In 2021, rice acreage in the Delta, south of the Yolo Bypass, was roughly 6,600 acres. Most of the Delta acreage is in San Joaquin County, with a few hundred acres in Sacramento County. Delta rice acreage has been steadily increasing over the last several years (Table 1). Most of the acreage was planted with variety M-206, but I have heard that a small amount of M-105 was also planted.
Table 1. Rice acreage and yield according to the San Joaquin County Agricultural Commissioner's crop reports. County rice production is predominantly (if not entirely) in the Delta region. The 2021 acreage estimate includes a few hundred acres in the Sacramento County Delta.
Pest pressure was not especially high across the region in 2021, but I consulted with growers and consultants on a handful of pests. Watergrass, barnyardgrass, and sprangletop can be problematic weeds. These are generally controlled by a spray program applied by ground pre-flood, when the rice has 3-4 leaves. Windy conditions can compromise optimal timing for herbicide applications, and this year was no exception. Typically, a second application is not made, but some growers contemplated it this year for escaped grasses. Over the last two years, I have conducted trials to evaluate the efficacy of a new product, Loyant (florpyrauxifen-benzyl; Corteva Agriscience), on these grasses in the Delta drill-seeded system.

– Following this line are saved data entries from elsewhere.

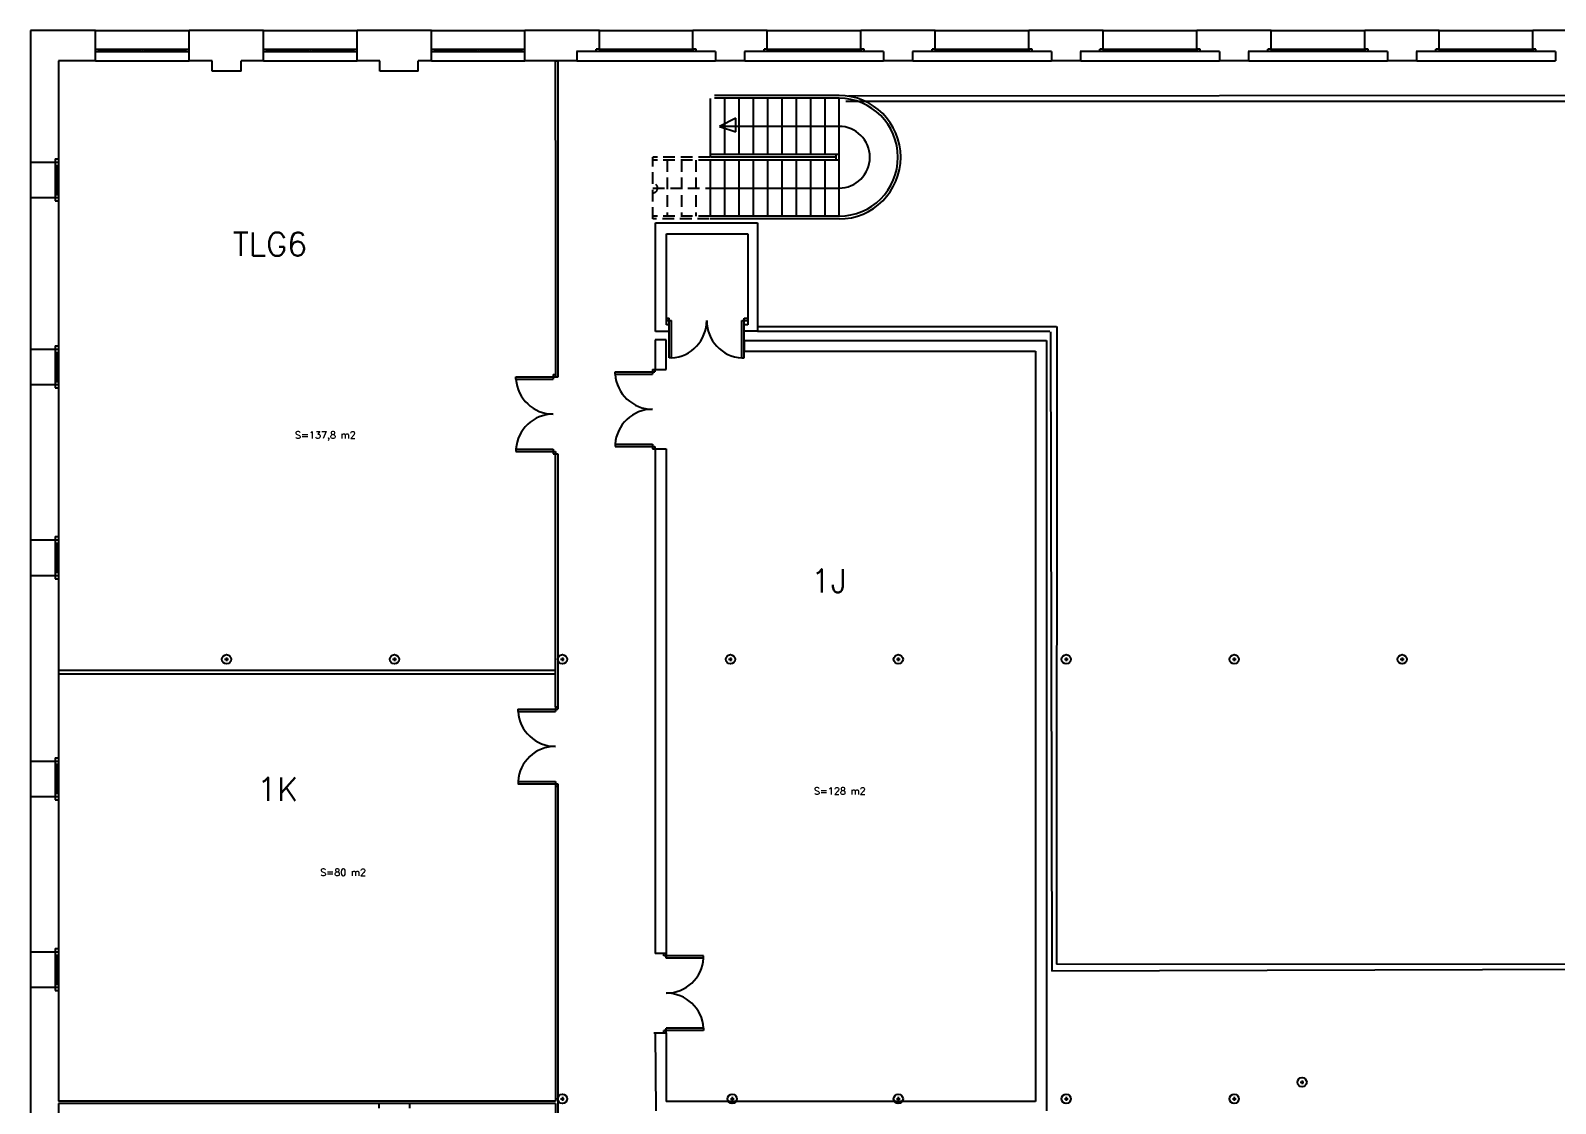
# Model space of a CAD drawing. Extents: x 188 to 272, y -39 to 198.
# Drawn here: x 188.68 to 221.28, y 46.95 to 69.9 of the extents above; entities that cross this region are included whole.
import ezdxf

# ---------------------------------------------------------------- set-up
doc = ezdxf.new("R2010")
doc.units = 0
doc.header["$MEASUREMENT"] = 0
doc.linetypes.add('RAYITAS', pattern=[0.375, 0.25, -0.125])
doc.layers.get('0').update_dxf_attribs({"linetype": 'CONTINUOUS'})
for name, color, linetype in [('ESCA', 4, 'CONTINUOUS'), ('MURO', 1, 'CONTINUOUS'), ('PILA', 6, 'CONTINUOUS'), ('PUER', 5, 'CONTINUOUS'), ('SUP', 7, 'CONTINUOUS'), ('TABI', 3, 'CONTINUOUS'), ('TEXT', 7, 'CONTINUOUS'), ('VENT', 2, 'CONTINUOUS')]:
    doc.layers.add(name, color=color, linetype=linetype)
doc.layers.get('0').off()
doc.styles.add('SIMPLEX', font='simplex.shx')
doc.styles.add('SIMPLEX8', font='simplex.shx')

# ---------------------------------------------------------------- blocks, each defined once
blk = doc.blocks.new('PILARR')
for p, q in [((0, 0.2), (0, -0.2)), ((-0.2, 0), (0.2, 0))]:
    blk.add_line(p, q)
blk.add_circle((0, 0), 0.5)

msp = doc.modelspace()

# ---------------------------------------------------------------- linework, layer by layer
at = {"layer": 'ESCA'}
for p, q in [((205.963, 68.505), (203.303, 68.505)), ((203.207, 68.442), (203.207, 67.185)), ((205.963, 68.445), (203.303, 68.445)), ((203.514, 68.445), (203.514, 67.245)), ((203.82, 68.445), (203.82, 67.245)), ((204.126, 68.445), (204.126, 67.245)), ((204.432, 68.445), (204.432, 67.245)), ((204.738, 68.445), (204.738, 67.245)), ((205.044, 68.445), (205.044, 67.245)), ((205.351, 68.445), (205.351, 67.245)), ((205.657, 68.445), (205.657, 67.245)), ((205.963, 65.925), (205.963, 68.445)), ((203.755, 68.022), (203.408, 67.845)), ((203.408, 67.845), (203.755, 67.725)), ((205.963, 67.845), (203.408, 67.845)), ((203.755, 67.725), (203.755, 68.022)), ((205.963, 67.245), (203.207, 67.245)), ((205.903, 67.185), (203.226, 67.185)), ((205.903, 67.125), (205.903, 67.245)), ((203.207, 67.125), (203.207, 65.925)), ((205.963, 67.125), (203.208, 67.125)), ((203.514, 67.125), (203.514, 65.925)), ((203.82, 67.125), (203.82, 65.925)), ((204.126, 67.125), (204.126, 65.925)), ((204.432, 67.125), (204.432, 65.925)), ((204.738, 67.125), (204.738, 65.925)), ((205.044, 67.125), (205.044, 65.925)), ((205.351, 67.125), (205.351, 65.925)), ((205.657, 67.125), (205.657, 65.925)), ((203.207, 66.525), (205.963, 66.525)), ((205.963, 65.925), (203.197, 65.925)), ((203.523, 65.865), (203.208, 65.865)), ((205.963, 65.865), (203.523, 65.865)), ((210.622, 63.565), (210.611, 49.929)), ((210.482, 63.45), (210.509, 49.777)), ((226.224, 49.918), (210.611, 49.929)), ((226.273, 49.822), (210.509, 49.777))]:
    msp.add_line(p, q, dxfattribs=at)
at = {"layer": 'ESCA', "linetype": 'RAYITAS'}
for p, q in [((203.207, 67.185), (201.983, 67.185)), ((201.983, 65.865), (201.983, 67.185)), ((203.207, 67.125), (201.983, 67.125)), ((202.289, 67.125), (202.289, 65.925)), ((202.595, 67.125), (202.595, 65.925)), ((202.901, 67.125), (202.901, 65.925)), ((201.983, 66.525), (203.207, 66.525)), ((203.207, 65.925), (201.983, 65.925)), ((203.189, 65.865), (201.983, 65.865))]:
    msp.add_line(p, q, dxfattribs=at)
at = {"layer": 'ESCA'}
for radius in [1.32, 1.26, 0.66]:
    msp.add_arc((205.963, 67.185), radius, 270, 90, dxfattribs=at)
at = {"layer": 'ESCA', "linetype": 'RAYITAS'}
msp.add_arc((201.983, 66.525), 0.102, 270, 90, dxfattribs=at)
at = {"layer": 'MURO'}
for p, q in [((188.681, 69.896), (188.681, 67.081)), ((190.071, 69.896), (188.681, 69.896)), ((190.071, 69.246), (190.071, 69.896)), ((192.071, 69.246), (192.071, 69.896)), ((193.661, 69.896), (192.071, 69.896)), ((193.661, 69.246), (193.661, 69.896)), ((195.661, 69.246), (195.661, 69.896)), ((197.251, 69.896), (195.661, 69.896)), ((197.251, 69.246), (197.251, 69.896)), ((199.251, 69.246), (199.251, 69.896)), ((200.841, 69.896), (199.251, 69.896)), ((204.431, 69.896), (202.841, 69.896)), ((208.021, 69.896), (206.431, 69.896)), ((211.611, 69.896), (210.021, 69.896)), ((215.201, 69.896), (213.611, 69.896)), ((218.791, 69.896), (217.201, 69.896)), ((222.381, 69.896), (220.791, 69.896)), ((195.591, 69.446), (195.591, 69.496)), ((189.281, 69.246), (189.281, 67.151)), ((190.071, 69.246), (189.281, 69.246)), ((192.561, 69.246), (192.071, 69.246)), ((192.561, 69.026, -3.5), (192.561, 69.246, -3.5)), ((193.181, 69.026, -3.5), (193.181, 69.246, -3.5)), ((193.661, 69.246), (193.181, 69.246)), ((196.151, 69.246), (195.661, 69.246)), ((196.151, 69.026, -3.5), (196.151, 69.246, -3.5)), ((196.971, 69.026, -3.5), (196.971, 69.246, -3.5)), ((197.251, 69.246), (196.971, 69.246)), ((199.951, 69.246), (199.251, 69.246)), ((200.361, 69.246), (199.951, 69.246)), ((203.951, 69.246), (203.331, 69.246)), ((207.541, 69.246), (206.921, 69.246)), ((211.131, 69.246), (210.511, 69.246)), ((214.721, 69.246), (214.101, 69.246)), ((218.311, 69.246), (217.691, 69.246)), ((193.181, 69.026), (192.561, 69.026)), ((196.971, 69.026), (196.151, 69.026)), ((189.211, 67.151), (189.281, 67.151)), ((189.211, 67.151), (189.211, 67.081)), ((188.681, 67.081), (189.211, 67.081)), ((188.681, 66.321), (189.211, 66.321)), ((188.681, 66.321), (188.681, 63.081)), ((189.211, 66.321), (189.211, 66.251)), ((189.211, 66.251), (189.281, 66.251)), ((189.281, 66.251), (189.281, 63.151)), ((188.681, 63.081), (189.211, 63.081)), ((189.211, 63.151), (189.211, 63.081)), ((189.211, 63.151), (189.281, 63.151)), ((188.681, 62.321), (189.211, 62.321)), ((188.681, 62.321), (188.681, 59.001)), ((189.211, 62.321), (189.211, 62.251)), ((189.211, 62.251), (189.281, 62.251)), ((189.281, 62.251), (189.281, 59.071)), ((189.211, 59.071, -3.5), (189.211, 59.001, -3.5)), ((189.211, 59.071, -3.5), (189.281, 59.071, -3.5)), ((188.681, 59.001, -3.5), (189.211, 59.001, -3.5)), ((188.681, 58.241, -3.5), (189.211, 58.241, -3.5)), ((188.681, 58.241), (188.681, 54.271)), ((189.211, 58.241, -3.5), (189.211, 58.171, -3.5)), ((189.211, 58.171, -3.5), (189.281, 58.171, -3.5)), ((189.281, 58.171), (189.281, 54.341)), ((188.681, 54.271, -3.5), (189.211, 54.271, -3.5)), ((189.211, 54.341, -3.5), (189.211, 54.271, -3.5)), ((189.211, 54.341, -3.5), (189.281, 54.341, -3.5)), ((188.681, 53.511, -3.5), (189.211, 53.511, -3.5)), ((188.681, 53.511), (188.681, 50.191)), ((189.211, 53.511, -3.5), (189.211, 53.441, -3.5)), ((189.211, 53.441, -3.5), (189.281, 53.441, -3.5)), ((189.281, 53.441), (189.281, 50.261)), ((189.211, 50.261, -3.5), (189.211, 50.191, -3.5)), ((189.211, 50.261, -3.5), (189.281, 50.261, -3.5)), ((188.681, 50.191, -3.5), (189.211, 50.191, -3.5)), ((188.681, 49.431, -3.5), (189.211, 49.431, -3.5)), ((188.681, 49.431), (188.681, 46.101)), ((189.211, 49.431, -3.5), (189.211, 49.361, -3.5)), ((189.211, 49.361, -3.5), (189.281, 49.361, -3.5)), ((189.281, 49.361), (189.281, 46.996)), ((189.281, 46.946), (189.281, 46.171))]:
    msp.add_line(p, q, dxfattribs=at)
at = {"layer": 'MURO', "color": 1}
for p, q in [((200.841, 69.496), (200.841, 69.896)), ((202.841, 69.496), (202.841, 69.896)), ((204.431, 69.496), (204.431, 69.896)), ((206.431, 69.496), (206.431, 69.896)), ((208.021, 69.496), (208.021, 69.896)), ((210.021, 69.496), (210.021, 69.896)), ((211.611, 69.496), (211.611, 69.896)), ((213.611, 69.496), (213.611, 69.896)), ((215.201, 69.496), (215.201, 69.896)), ((217.201, 69.496), (217.201, 69.896)), ((218.791, 69.496), (218.791, 69.896)), ((220.791, 69.496), (220.791, 69.896)), ((200.771, 69.446), (200.351, 69.446)), ((200.356, 69.446), (200.356, 69.246)), ((200.841, 69.496), (200.771, 69.496)), ((200.771, 69.446), (200.771, 69.496)), ((202.911, 69.496), (202.841, 69.496)), ((202.911, 69.446), (202.911, 69.496)), ((203.326, 69.446), (202.911, 69.446)), ((203.326, 69.446, -3.5), (203.326, 69.246, -3.5)), ((204.361, 69.446), (203.941, 69.446)), ((203.946, 69.446), (203.946, 69.246)), ((204.361, 69.446), (204.361, 69.496)), ((204.431, 69.496), (204.361, 69.496)), ((206.501, 69.496), (206.431, 69.496)), ((206.501, 69.446), (206.501, 69.496)), ((206.916, 69.446), (206.501, 69.446)), ((206.916, 69.446, -3.5), (206.916, 69.246, -3.5)), ((207.951, 69.446), (207.531, 69.446)), ((207.536, 69.446), (207.536, 69.246)), ((207.951, 69.446), (207.951, 69.496)), ((208.021, 69.496), (207.951, 69.496)), ((210.091, 69.496), (210.021, 69.496)), ((210.091, 69.446), (210.091, 69.496)), ((210.506, 69.446), (210.091, 69.446)), ((210.506, 69.446, -3.5), (210.506, 69.246, -3.5)), ((211.541, 69.446), (211.121, 69.446)), ((211.126, 69.446), (211.126, 69.246)), ((211.611, 69.496), (211.541, 69.496)), ((211.541, 69.446), (211.541, 69.496)), ((213.681, 69.496), (213.611, 69.496)), ((213.681, 69.446), (213.681, 69.496)), ((214.096, 69.446), (213.681, 69.446)), ((214.096, 69.446, -3.5), (214.096, 69.246, -3.5)), ((215.131, 69.446), (214.711, 69.446)), ((214.716, 69.446), (214.716, 69.246)), ((215.131, 69.446), (215.131, 69.496)), ((215.201, 69.496), (215.131, 69.496)), ((217.271, 69.496), (217.201, 69.496)), ((217.271, 69.446), (217.271, 69.496)), ((217.686, 69.446), (217.271, 69.446)), ((217.686, 69.446, -3.5), (217.686, 69.246, -3.5)), ((218.721, 69.446), (218.301, 69.446)), ((218.306, 69.446), (218.306, 69.246)), ((218.791, 69.496), (218.721, 69.496)), ((218.721, 69.446), (218.721, 69.496)), ((220.861, 69.496), (220.791, 69.496)), ((220.861, 69.446), (220.861, 69.496)), ((221.276, 69.446), (220.861, 69.446)), ((221.276, 69.446, -3.5), (221.276, 69.246, -3.5))]:
    msp.add_line(p, q, dxfattribs=at)
at = {"layer": 'MURO', "color": 3}
for p, q in [((199.907, 65.844), (199.906, 69.246)), ((199.957, 62.49), (199.957, 69.246)), ((199.907, 62.49), (199.907, 65.844)), ((204.017, 63.965), (204.017, 63.965)), ((204.017, 63.691), (204.017, 63.691)), ((202.27, 63.28), (202.036, 63.28)), ((202.036, 63.268), (202.036, 62.645)), ((202.27, 63.034), (202.27, 63.28)), ((204.034, 63.463), (203.935, 63.462)), ((203.935, 63.268), (210.396, 63.268)), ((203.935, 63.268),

This year, we evaluated product efficacy on nutsedge, and those results will be forthcoming.
I have been trapping armyworms in the Delta since 2016, and like in the Sacramento Valley, armyworm populations were very low this year. Some growers indicated needing to treat some of their acreage, particularly where rice was neighbored by riparian or wetland vegetation, but other growers did not treat. Annual trap counts for the Delta are available on my website.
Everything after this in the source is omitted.